In [1]: s = "GGGGAAAGGGGGGGGGGGGGGGGGGGGGGGGGGGGGGGGGGGGGGGGGGGGGGGGGGAAATGCAACAGGGGCGGTGGGAGGCAGGGGGGGGGTGGGAGGAGGGCAGGAGCAGGGGGGCAATGTCAC"
In [2]: s[:57]
Out[2]: 'GGGGAAAGGGGGGGGGGGGGGGGGGGGGGGGGGGGGGGGGGGGGGGGGGGGGGGGGG'
so it's ~100% repeat unit. it's just that there's a ~57 base stretch of G there in the reference.

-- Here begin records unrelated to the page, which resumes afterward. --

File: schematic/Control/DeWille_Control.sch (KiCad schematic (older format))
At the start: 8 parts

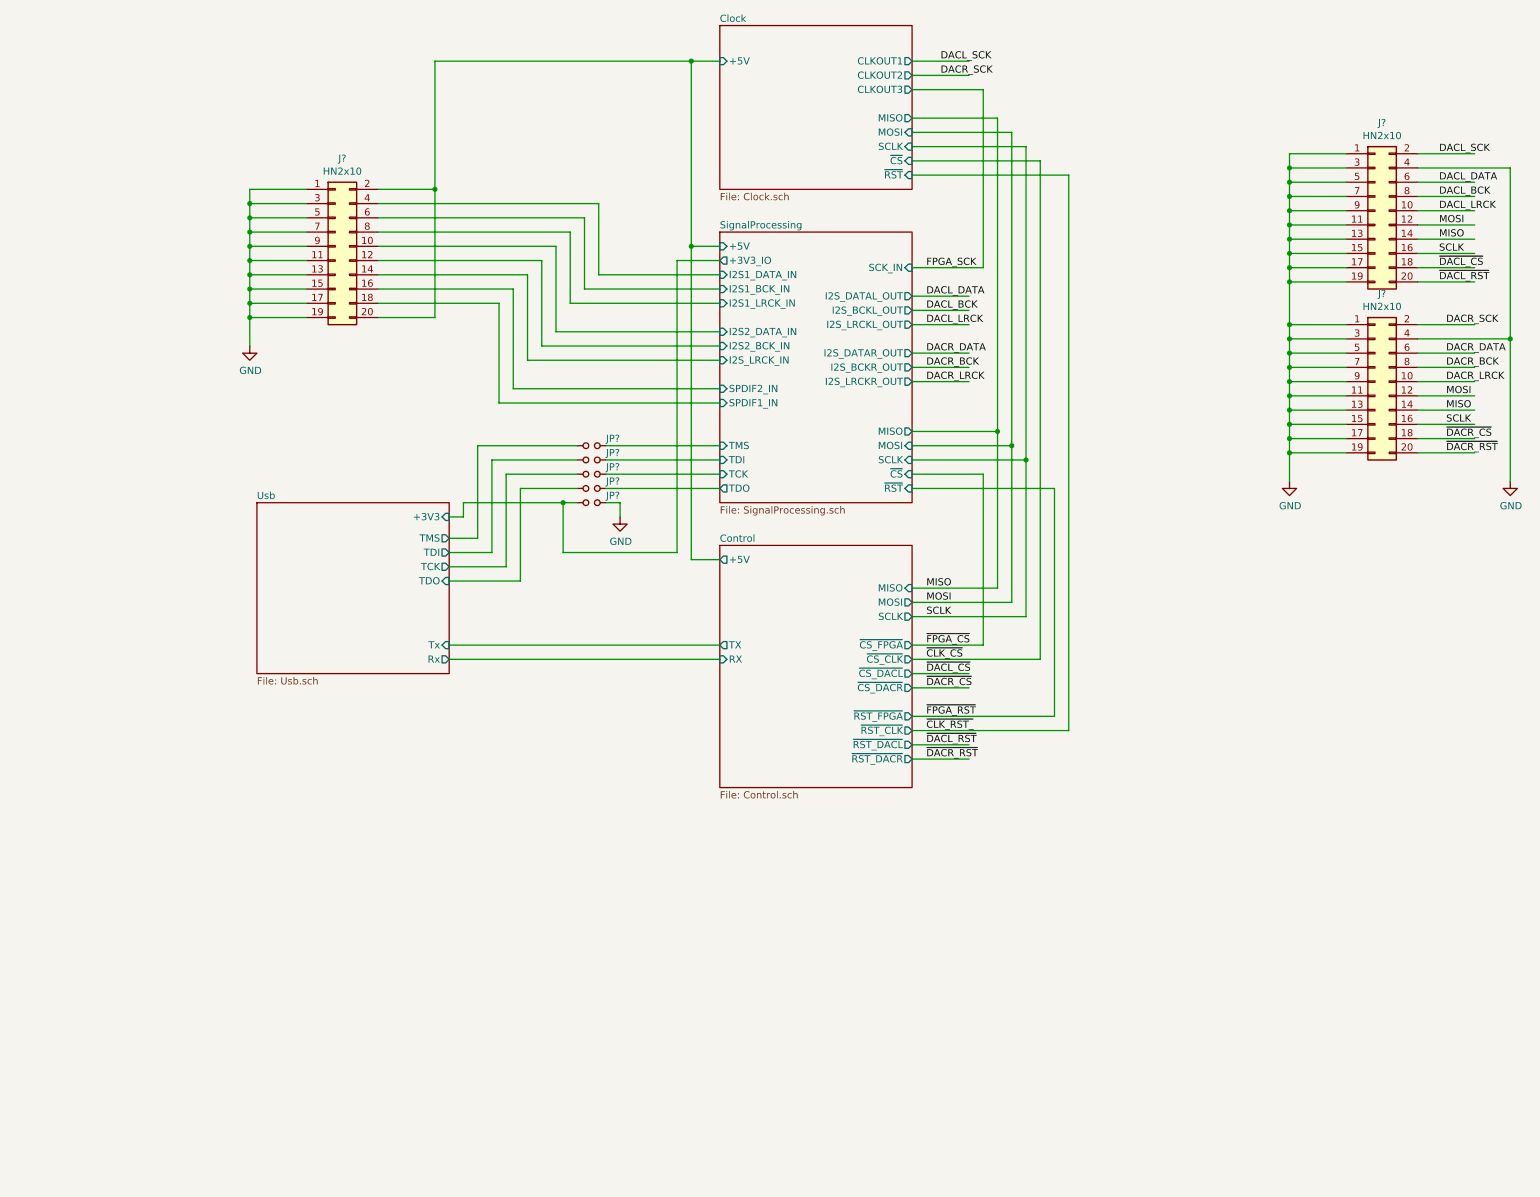
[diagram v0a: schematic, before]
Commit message: Provision for SPI Slave FPGA bitstream download. Switch RAM from x16 to x8 one.
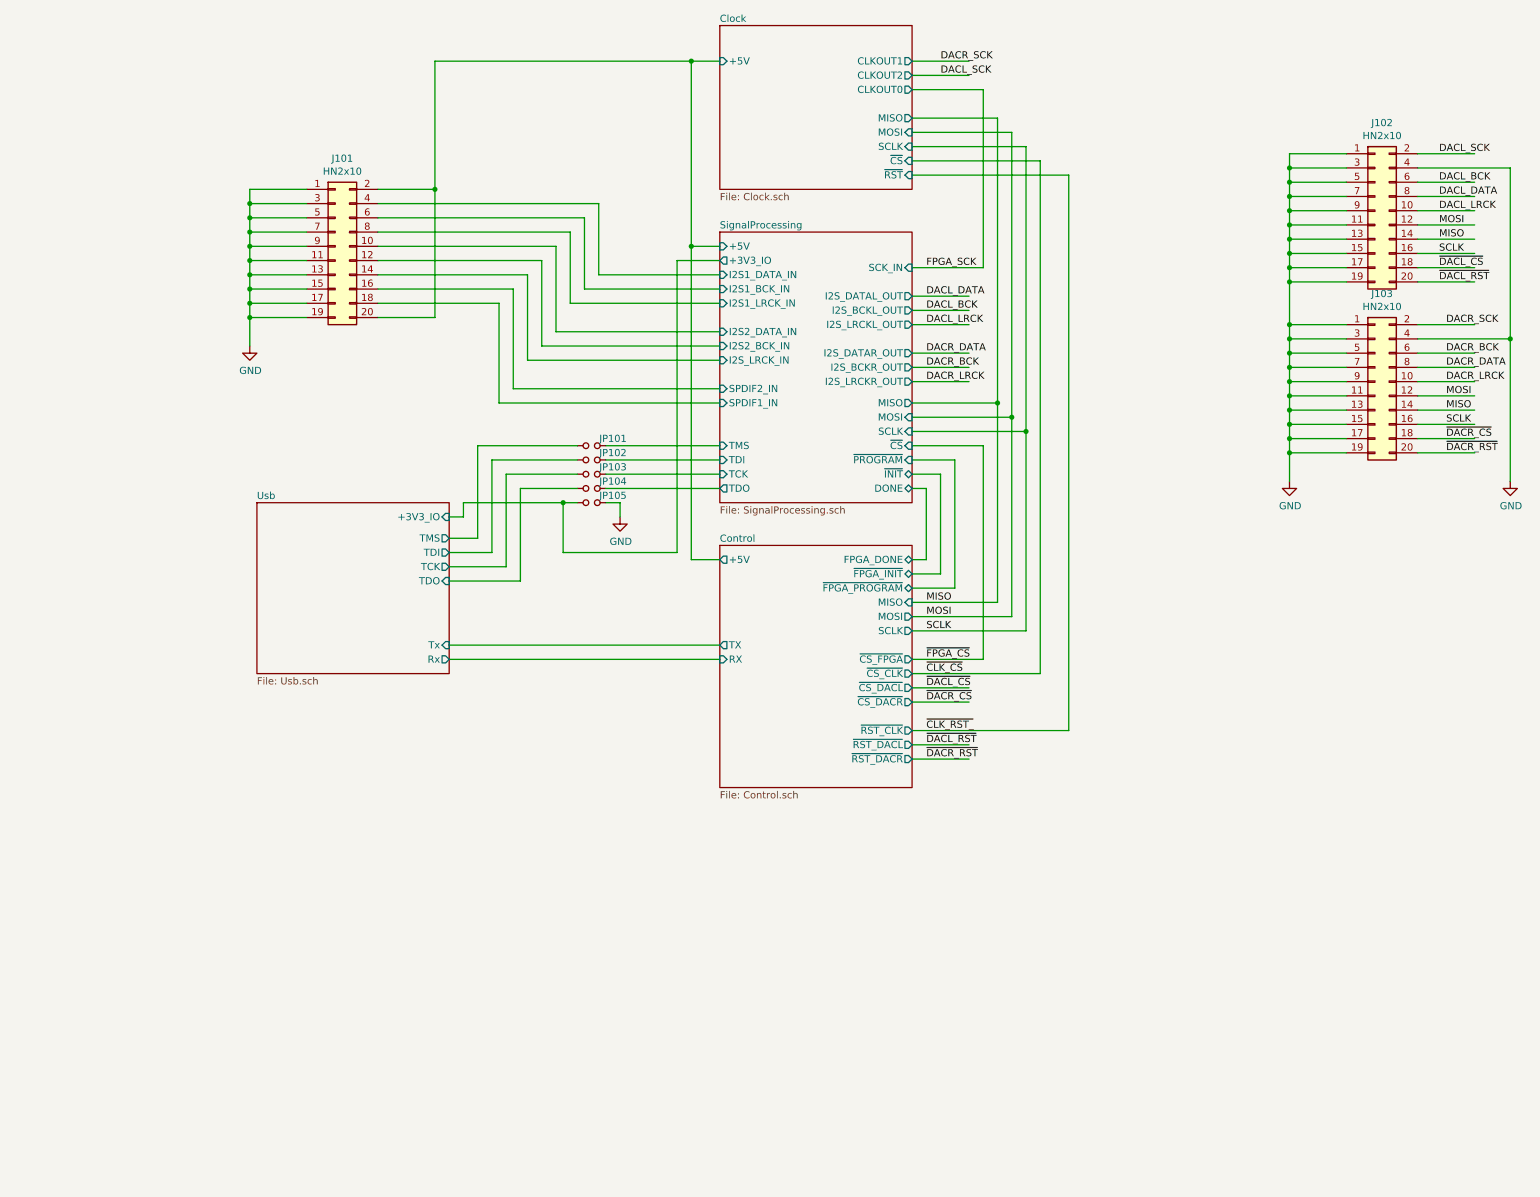
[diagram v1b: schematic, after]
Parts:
- JP101, JP102, JP103, JP104, JP105: renamed from JP?; footprint (none) -> Connector_PinHeader_2.54mm:PinHeader_1x02_P2.54mm_Vertical
- gave numbers to parts that had none: 3
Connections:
- net labels removed: ~FPGA_RST~
- wire segments 186 -> 192

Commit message: Interim commit
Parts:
- added D101: Green, LED_SMD:LED_0805_2012Metric, symbol Device:LED
- added D102, D103, D104, D105: Red, LED_SMD:LED_0805_2012Metric, symbol Device:LED
- added H101, H102, H103, H104: MountingHole, MountingHole:MountingHole_3.2mm_M3_Pad, symbol Mechanical:MountingHole
- added R101, R102, R103, R104, R105: 470, Resistor_SMD:R_0603_1608Metric, symbol Device:R
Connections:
- net labels added: RX, TX
- wire segments 192 -> 225

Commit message: Routing complete
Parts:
- removed JP105: (no value), Connector_PinHeader_2.54mm:PinHeader_1x02_P2.54mm_Vertical, symbol Device:Jumper_NO_Small
- added D?: SM6T6V8CA, Diode_SMD:D_SMB, symbol Diode:1.5KExxCA
- added F?: PFMF.050.2, Fuse:Fuse_1812_4532Metric, symbol Device:Polyfuse
- JP101, JP102, JP103, JP104: footprint Connector_PinHeader_2.54mm:PinHeader_1x02_P2.54mm_Vertical -> Jumper:SolderJumper-2_P1.3mm_Bridged_RoundedPad1.0x1.5mm
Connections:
- wire segments 225 -> 227
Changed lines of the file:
@@
 F18 "LED1" O L 6000 7200 50
 F19 "LED2" O L 6000 7300 50
+F20 "~RST_FPGA~" O R 7350 7400 50
 $EndSheet
 Wire Wire Line
@@
 F4 "MISO" O R 7350 4700 50
 F5 "SCLK" I R 7350 4900 50
-F6 "~CS~" I R 7350 5100 50
+F6 "~FPGA_CS~" I R 7350 5100 50
 F7 "I2S_LRCKL_OUT" O R 7350 4200 50
 F8 "I2S_BCKL_OUT" O R 7350 4100 50
@@
 F17 "I2S2_BCK_IN" I L 6000 4400 50
 F18 "I2S2_LRCK_IN" I L 6000 4500 50
-F19 "SPDIF1_IN" I L 6000 4800 50
-F20 "SPDIF2_IN" I L 6000 4700 50
+F19 "SPDIF1_IN" I L 6000 4700 50
+F20 "SPDIF2_IN" I L 6000 4800 50
 F21 "+5V" I L 6000 3700 50
 F22 "TMS" I L 6000 5100 50
@@
 F 0 "JP101" H 5250 5150 50  0000 C CNN
 F 1 " " H 5100 5194 50  0000 C CNN
-F 2 "Connector_PinHeader_2.54mm:PinHeader_1x02_P2.54mm_Vertical" H 5100 5100 50  0001 C CNN
+F 2 "Jumper:SolderJumper-2_P1.3mm_Bridged_RoundedPad1.0x1.5mm" H 5100 5100 50  0001 C CNN
 F 3 "~" H 5100 5100 50  0001 C CNN
 	1    5100 5100
@@
 F 0 "JP102" H 5250 5250 50  0000 C CNN
 F 1 " " H 5100 5294 50  0000 C CNN
-F 2 "Connector_PinHeader_2.54mm:PinHeader_1x02_P2.54mm_Vertical" H 5100 5200 50  0001 C CNN
+F 2 "Jumper:SolderJumper-2_P1.3mm_Bridged_RoundedPad1.0x1.5mm" H 5100 5200 50  0001 C CNN
 F 3 "~" H 5100 5200 50  0001 C CNN
 	1    5100 5200
@@
 F 0 "JP103" H 5250 5350 50  0000 C CNN
 F 1 " " H 5100 5394 50  0000 C CNN
-F 2 "Connector_PinHeader_2.54mm:PinHeader_1x02_P2.54mm_Vertical" H 5100 5300 50  0001 C CNN
+F 2 "Jumper:SolderJumper-2_P1.3mm_Bridged_RoundedPad1.0x1.5mm" H 5100 5300 50  0001 C CNN
 F 3 "~" H 5100 5300 50  0001 C CNN
 	1    5100 5300
@@
 F 0 "JP104" H 5250 5450 50  0000 C CNN
 F 1 " " H 5100 5494 50  0000 C CNN
-F 2 "Connector_PinHeader_2.54mm:PinHeader_1x02_P2.54mm_Vertical" H 5100 5400 50  0001 C CNN
+F 2 "Jumper:SolderJumper-2_P1.3mm_Bridged_RoundedPad1.0x1.5mm" H 5100 5400 50  0001 C CNN
 F 3 "~" H 5100 5400 50  0001 C CNN
 	1    5100 5400
@@
 Wire Wire Line
 	4600 6050 4100 6050
-$Comp
-L Device:Jumper_NO_Small JP105
-U 1 1 5E2A0271
-P 5100 5500
-F 0 "JP105" H 5250 5550 50  0000 C CNN
-F 1 " " H 5100 5594 50  0000 C CNN
-F 2 "Connector_PinHeader_2.54mm:PinHeader_1x02_P2.54mm_Vertical" H 5100 5500 50  0001 C CNN
-F 3 "~" H 5100 5500 50  0001 C CNN
-	1    5100 5500
-	1    0    0    -1
-$EndComp
 Wire Wire Line
 	4100 5600 4200 5600
@@
 Wire Wire Line
 	4200 5500 4800 5500
-$Comp
-L power:GND #PWR?
-U 1 1 5E2A6414
-P 5300 5600
-AR Path="/5DD2C0D9/5E2A6414" Ref="#PWR?"  Part="1"
-AR Path="/5E2A6414" Ref="#PWR0102"  Part="1"
-F 0 "#PWR0102" H 5300 5350 50  0001 C CNN
-F 1 "GND" H 5305 5427 50  0000 C CNN
-F 2 "" H 5300 5600 50  0001 C CNN
-F 3 "" H 5300 5600 50  0001 C CNN
-	1    5300 5600
-	1    0    0    -1
-$EndComp
-Wire Wire Line
-	5200 5500 5300 5500
-Wire Wire Line
-	5300 5500 5300 5600
 Wire Wire Line
 	3100 4100 2700 4100
@@
 Wire Wire Line
 	4800 5900 4800 5500
-Connection ~ 4800 5500
-Wire Wire Line
-	4800 5500 5000 5500
 Wire Wire Line
 	8250 3100 8250 6700
@@
 	2900 2400 2900 3300
 Wire Wire Line
-	2900 2400 5800 2400
+	2900 2400 3300 2400
 Connection ~ 2900 3300
 Wire Wire Line
@@
 Wire Wire Line
 	5250 3900 6000 3900
+Wire Wire Line
+	7350 7400 8350 7400
+Wire Wire Line
+	8350 7400 8350 5000
+Wire Wire Line
+	8350 5000 7350 5000
+$Comp
+L Device:Polyfuse F?
+U 1 1 5E641952
+P 3450 2400
+F 0 "F?" V 3225 2400 50  0000 C CNN
+F 1 "PFMF.050.2" V 3316 2400 50  0000 C CNN
+F 2 "Fuse:Fuse_1812_4532Metric" H 3500 2200 50  0001 L CNN
+F 3 "~" H 3450 2400 50  0001 C CNN
+	1    3450 2400
+	0    1    1    0
+$EndComp
+$Comp
+L power:GND #PWR?
+U 1 1 5E644AF9
+P 3850 2700
+AR Path="/5DD2C0D9/5E644AF9" Ref="#PWR?"  Part="1"
+AR Path="/5E644AF9" Ref="#PWR?"  Part="1"
+F 0 "#PWR?" H 3850 2450 50  0001 C CNN
+F 1 "GND" H 3855 2527 50  0000 C CNN
+F 2 "" H 3850 2700 50  0001 C CNN
+F 3 "" H 3850 2700 50  0001 C CNN
+	1    3850 2700
+	1    0    0    -1
+$EndComp
+Wire Wire Line
+	3600 2400 3850 2400
+$Comp
+L Diode:1.5KExxCA D?
+U 1 1 5E656D9F
+P 3850 2550
+F 0 "D?" V 3804 2629 50  0000 L CNN
+F 1 "SM6T6V8CA" V 3895 2629 50  0000 L CNN
+F 2 "Diode_SMD:D_SMB" H 3850 2350 50  0001 C CNN
+F 3 "https://www.vishay.com/docs/88301/15ke.pdf" H 3850 2550 50  0001 C CNN
+	1    3850 2550
+	0    1    1    0
+$EndComp
+Connection ~ 3850 2400
+Wire Wire Line
+	3850 2400 5800 2400
 $EndSCHEMATC

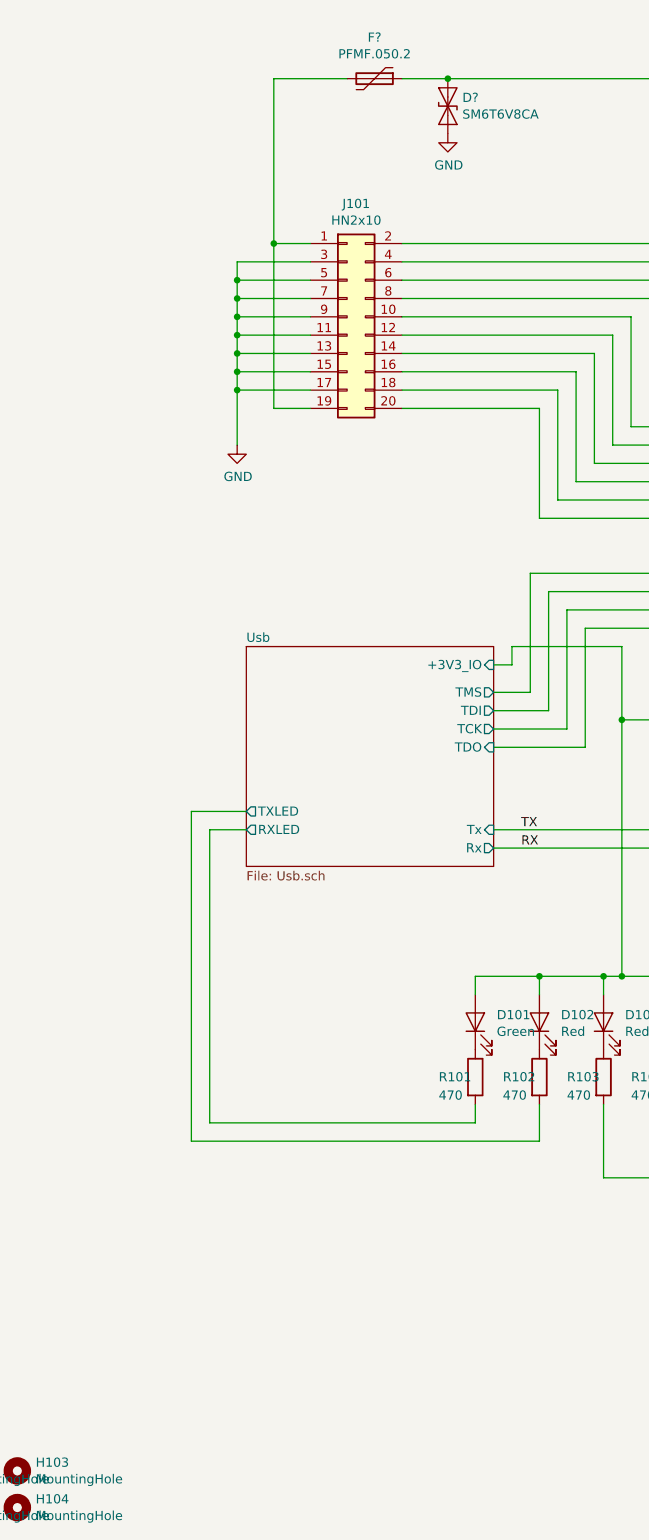
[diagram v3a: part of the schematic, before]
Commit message: Add source termination resistors to I2S output lines. Arrange top silk information.
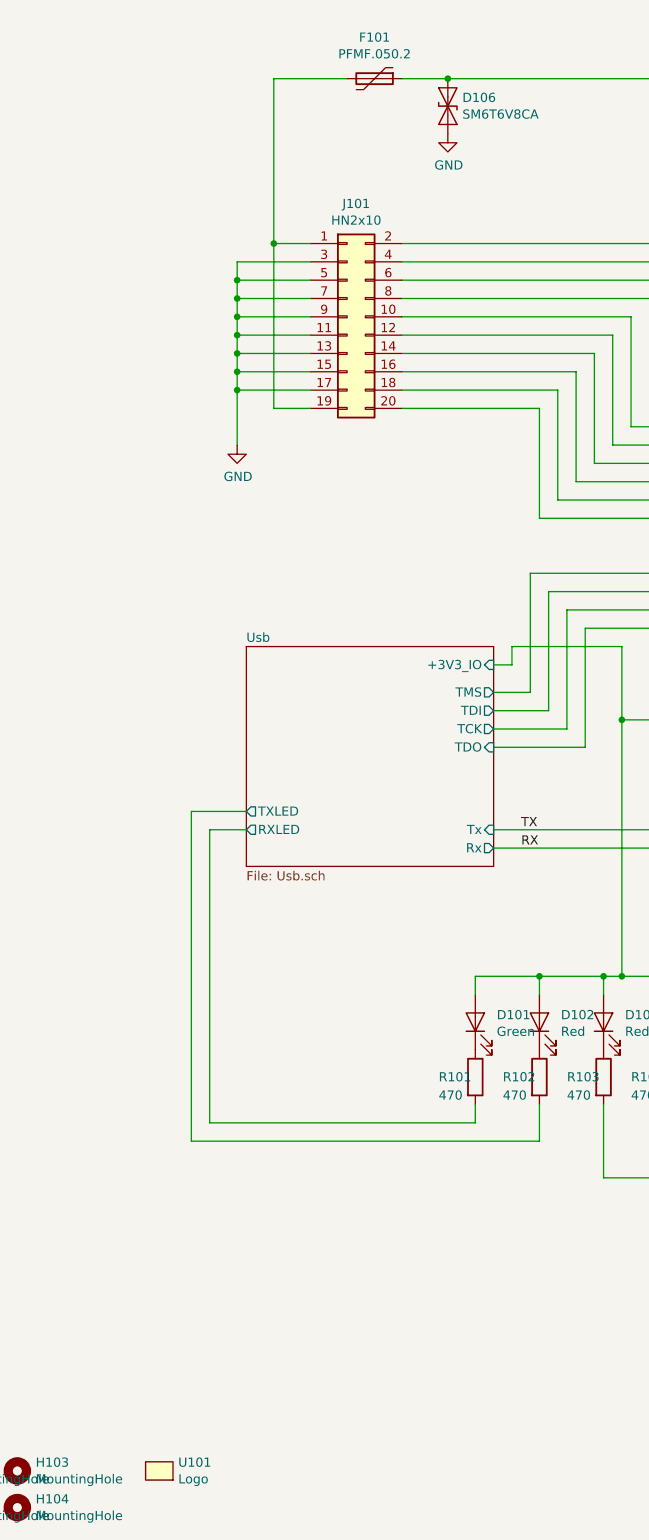
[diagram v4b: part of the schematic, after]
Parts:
- added U101: Logo, Zmei_Footprints:Zmei-logo-small-inverted_nosilk, symbol Zmei_elements:Logo
- gave numbers to parts that had none: 2
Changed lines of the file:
@@
 	8350 5000 7350 5000
 $Comp
-L Device:Polyfuse F?
+L Device:Polyfuse F101
 U 1 1 5E641952
 P 3450 2400
-F 0 "F?" V 3225 2400 50  0000 C CNN
+F 0 "F101" V 3225 2400 50  0000 C CNN
 F 1 "PFMF.050.2" V 3316 2400 50  0000 C CNN
 F 2 "Fuse:Fuse_1812_4532Metric" H 3500 2200 50  0001 L CNN
@@
 P 3850 2700
 AR Path="/5DD2C0D9/5E644AF9" Ref="#PWR?"  Part="1"
-AR Path="/5E644AF9" Ref="#PWR?"  Part="1"
-F 0 "#PWR?" H 3850 2450 50  0001 C CNN
+AR Path="/5E644AF9" Ref="#PWR0149"  Part="1"
+F 0 "#PWR0149" H 3850 2450 50  0001 C CNN
 F 1 "GND" H 3855 2527 50  0000 C CNN
 F 2 "" H 3850 2700 50  0001 C CNN
@@
 	3600 2400 3850 2400
 $Comp
-L Diode:1.5KExxCA D?
+L Diode:1.5KExxCA D106
 U 1 1 5E656D9F
 P 3850 2550
-F 0 "D?" V 3804 2629 50  0000 L CNN
+F 0 "D106" V 3804 2629 50  0000 L CNN
 F 1 "SM6T6V8CA" V 3895 2629 50  0000 L CNN
 F 2 "Diode_SMD:D_SMB" H 3850 2350 50  0001 C CNN
@@
 Wire Wire Line
 	3850 2400 5800 2400
+$Comp
+L Zmei_elements:Logo U101
+U 1 1 5E70F649
+P 2300 9850
+F 0 "U101" H 2378 9746 50  0000 L CNN
+F 1 "Logo" H 2378 9655 50  0000 L CNN
+F 2 "Zmei_Footprints:Zmei-logo-small-inverted_nosilk" H 2300 9850 50  0001 C CNN
+F 3 "" H 2300 9850 50  0001 C CNN
+	1    2300 9850
+	1    0    0    -1
+$EndComp
 $EndSCHEMATC

So we need to count the repeat units in the reference and the reads
here is the pair of reads:
ERR895347.233154401 177 chr1 3168351 60 126M chr2 32916480 0 TTCCTGCCCCACCCCTGCCTGGTTTTCTGGAACCCCTGGAACCAGCATCACACAAGTGAGCAAGTGGCTCTTTCCAATCTTACAACCCCCGCGGTGGAAGGAACAGGTGGAAAGATTGTTGAGACT 7<<<00B<BB7BB<0BBBB0B07B<BBBBB<BBBBBBBBBBBBBB<B<BBBBBBB<BBBBBB<<BBBBBBBBBBBBBBBBBBBBBBBBB7B7B<BBBBBBBBBBBB<BBBBBBBBBB<BBBB<<BB AS:i:125 MQ:i:0 XS:i:20 MD:Z:0C125 NM:i:1 RG:Z:ERR895347
ERR895347.233154401 113 chr2 32916480 0 57M69S chr1 3168351 0 GGGGAAAGGGGGGGGGGGGGGGGGGGGGGGGGGGGGGGGGGGGGGGGGGGGGGGGGGAAATGCAACAGGGGCGGTGGGAGGCAGGGGGGGGGTGGGAGGAGGGCAGGAGCAGGGGGGCAATGTCAC ''''''''''''''''''''''''''''''''''''''''''''''''''''B<B<0000070000000<0'000<B<BB<<0B<070B0B<<0B<B<000BBBBBBB07BBBB<BBBBBBB<77< AS:i:51 MQ:i:60 SA:Z:chr1,3167612,+,52M74S,0,2; XA:Z:chr2,-32916507,7S51M68S,0;chr2,-32916284,7S51M68S,0;chr2,-32916345,56M70S,2;chr2,-32916253,7S50M69S,0;chr2,-32916395,57M69S,3; XS:i:51 MD:Z:4G0G51 NM:i:2 RG:Z:ERR895347
and here is an example pair for the region starting with "135":
ERR899726.29422672 161 chr1 1349848 60 126M chr2 32916487 0 GACTTCCGAGGCGTCCCTTGAGGCCGCGGGGCGTCCGCGCTTACTGTTCCGGGGCTCGCGGGGCTGGAGGCCTTCCCGACCCGACCCCAGCAGGAAGCGCGGAGGCCACTAGAGGGCGGCCCAGGA BB<BBBB7B<BB7<BBBBBBBBBBB7B7BBBB7BBB7B7BBBB<BBBBBB7BBBBBB7B7BB<<BBBBBBBBBBBBB7B<BB7B<BBB<BBBBBBBBB7B7BBBBBBB<B<B0BBBB7BBBB<<<' AS:i:126 MQ:i:4 XS:i:0 MD:Z:126 NM:i:0 RG:Z:ERR899726
ERR899726.29422672 81 chr2 32916487 4 94M32S chr1 1349848 0 GGCGGAGGGGGGGGGGGGGGGGGGGGGGGGGGGGGGGGGGGGGGGGGGGGGGGGGGGGGGGGGGGGGGGGAGGGGGGGGGGGGGGGGGAGGGGGGGAGTGAGGAGGGGGCCTGGACGGGGCAGGAG '''''''''''''BBBB0B<B<BBBB0<<<0<B7000700<0000B777770B<<BB0<B0B<<B7B<000770<0BB<0B<0000<<0<BBBBB00<BBBBB0BBBBBBBBBBB7BBBBBB<<B< AS:i:83 MQ:i:60 SA:Z:chr1,1351095,-,90S36M,0,0; XA:Z:chr2,-32916353,96M30S,4;chr2,-32916264,83M43S,3; XS:i:80 MD:Z:2G2G82G5 NM:i:3 RG:Z:ERR899726
in both of these cases, we are moving the 2nd read as it has low-quality, based on the first read, which has higher quality, but, it seems we are still considering the cigar string. if we move a poorly mapped read, whose mate is mapped well, we should set the cigar string of the poorly mapped read to all matches. I don't think we do this.
I think we can accommodate this in adjust_by
ok. so in adjust_by
, given a pair of reads A
and B
if B is mapped well and A is repeat and/or not mapped well, then we adjust A to position of B, and we null out any clipping that A had. However, we do not adjust the align_length
. So, in the first example above, the cigar is 57M69S
, but then that read is moved. The align_length remains as 57
but that no longer makes sense. I think if we move a read, we should require that > 80% (or whatever that parameter is) of the entire read is repetitive.